Videos you include on your Web site pose download problems on the most powerful personal computer and the fastest Internet connection. In fact, no one even thinks about recording, transmitting, and playing back uncompressed video full-screen. The bulk of online video you’ll see is compressed, using a three-stage process:
To play back a completely uncompressed widescreen video at 30 frames per second would require a connection with a speed of more than 1 Gb/second, which is more than a thousand times faster than the rated speed of a very fast home or office connection.
Show video in a small window: YouTube recently upgraded its offering and began showing most videos in a relatively generous 480 x 360-pixel window, exactly one-fifth the pixels available on a typical 1024 x 768-pixel screen.
Reduce the frame rate: Although players adapt to the bandwidth available, a rate of 10 frames per second — one-third the frame rate of television — is considered acceptable.
Compress the images: JPEG compression, good as it is for images, works with only one frame at a time, so MPEG video compression is used instead.
MPEG, more commonly known as MP3, takes advantage of parts of a scene that don’t change from one frame to the next, and only encodes the changed parts. Unfortunately, when part of a scene changes very fast, or all of a scene changes fairly fast, there’s often visible distortion in the scene until the compression and decompression can catch up.
Video clips, even on the relatively robust YouTube site, often stall during playback. This is extremely frustrating for users and for you, if the video is on your Web site. Unfortunately, there is so much variation at all points in transmission, reception, and display of online video — from the servers, across the Internet and on the user’s computer — that it’s impossible to give users any quick or certain fix for any problems they experience. Compression helps your video work well on the Web, but to make it sweet, keep it short.

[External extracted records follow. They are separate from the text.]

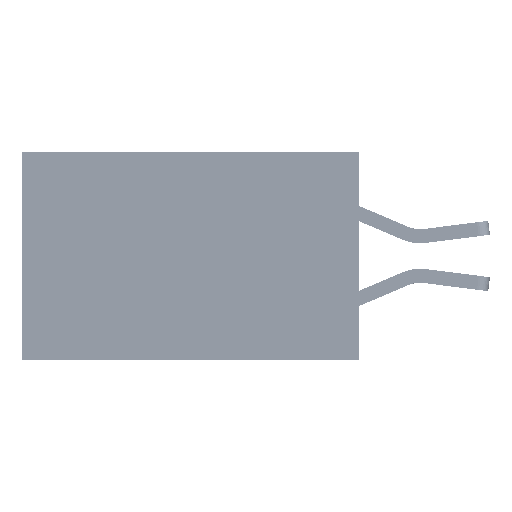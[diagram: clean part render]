
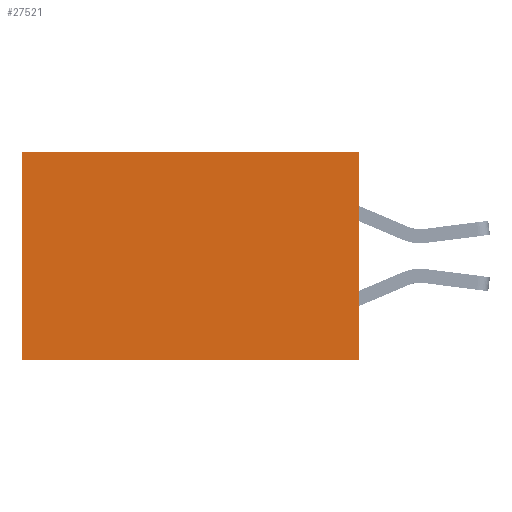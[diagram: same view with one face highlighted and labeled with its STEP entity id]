
A CAD part, left-side view. The second image highlights one B-rep face of the part: STEP entity #27521.
In plain terms, the highlighted planar face has unit normal (-1, 0, 0).
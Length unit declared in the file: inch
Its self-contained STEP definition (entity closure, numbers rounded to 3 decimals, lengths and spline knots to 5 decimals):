
#212 = EDGE_LOOP ( 'NONE', ( #37759, #3879, #9205, #8026 ) ) ;
#264 = CARTESIAN_POINT ( 'NONE',  ( 0.2875, 0., 0. ) ) ;
#1262 = VECTOR ( 'NONE', #19832, 39.37008 ) ;
#1430 = CARTESIAN_POINT ( 'NONE',  ( 0.2875, 0.6, 0. ) ) ;
#1613 = CARTESIAN_POINT ( 'NONE',  ( 0.2875, 0., 0. ) ) ;
#3879 = ORIENTED_EDGE ( 'NONE', *, *, #18806, .F. ) ;
#4968 = VERTEX_POINT ( 'NONE', #35427 ) ;
#6950 = AXIS2_PLACEMENT_3D ( 'NONE', #12408, #12119, #9187 ) ;
#7254 = LINE ( 'NONE', #1613, #11280 ) ;
#8026 = ORIENTED_EDGE ( 'NONE', *, *, #12983, .T. ) ;
#9187 = DIRECTION ( 'NONE',  ( 0., 0., -1. ) ) ;
#9205 = ORIENTED_EDGE ( 'NONE', *, *, #20965, .F. ) ;
#10542 = DIRECTION ( 'NONE',  ( 0., 1., 0. ) ) ;
#10785 = LINE ( 'NONE', #32447, #1262 ) ;
#11280 = VECTOR ( 'NONE', #17020, 39.37008 ) ;
#12119 = DIRECTION ( 'NONE',  ( 1., 0., 0. ) ) ;
#12408 = CARTESIAN_POINT ( 'NONE',  ( 0.2875, 0., 0. ) ) ;
#12983 = EDGE_CURVE ( 'NONE', #23409, #21699, #35505, .T. ) ;
#13486 = CARTESIAN_POINT ( 'NONE',  ( 0.2875, 0., 0. ) ) ;
#14168 = DIRECTION ( 'NONE',  ( 0., 1., 0. ) ) ;
#15925 = FACE_OUTER_BOUND ( 'NONE', #212, .T. ) ;
#17020 = DIRECTION ( 'NONE',  ( 0., 0., -1. ) ) ;
#18806 = EDGE_CURVE ( 'NONE', #4968, #36029, #34508, .T. ) ;
#19832 = DIRECTION ( 'NONE',  ( 0., 0., -1. ) ) ;
#20775 = EDGE_CURVE ( 'NONE', #21699, #36029, #10785, .T. ) ;
#20965 = EDGE_CURVE ( 'NONE', #23409, #4968, #7254, .T. ) ;
#21512 = VECTOR ( 'NONE', #14168, 39.37008 ) ;
#21699 = VERTEX_POINT ( 'NONE', #1430 ) ;
#23409 = VERTEX_POINT ( 'NONE', #264 ) ;
#23526 = VECTOR ( 'NONE', #10542, 39.37008 ) ;
#25166 = PLANE ( 'NONE',  #6950 ) ;
#27521 = ADVANCED_FACE ( 'NONE', ( #15925 ), #25166, .F. ) ;
#32447 = CARTESIAN_POINT ( 'NONE',  ( 0.2875, 0.6, 0. ) ) ;
#34508 = LINE ( 'NONE', #40070, #21512 ) ;
#34736 = CARTESIAN_POINT ( 'NONE',  ( 0.2875, 0.6, -0.37 ) ) ;
#35427 = CARTESIAN_POINT ( 'NONE',  ( 0.2875, 0., -0.37 ) ) ;
#35505 = LINE ( 'NONE', #13486, #23526 ) ;
#36029 = VERTEX_POINT ( 'NONE', #34736 ) ;
#37759 = ORIENTED_EDGE ( 'NONE', *, *, #20775, .T. ) ;
#40070 = CARTESIAN_POINT ( 'NONE',  ( 0.2875, 0., -0.37 ) ) ;

For typical YouTube-style video clips — medium-size 480 x 360-pixel images, harshly compressed, usually grainy and a bit dim — each 15 seconds of video takes up roughly 1 MB. That’s 4 MB per minute. Not too bad a size for a three-minute music video, but that one-hour CEO speech at the annual results announcement is going to take up 240 MB!
If you must deliver a long video, break it into clips. Preface each clip with a brief description. And hope that at least some of your site visitors have the patience to get through all of it.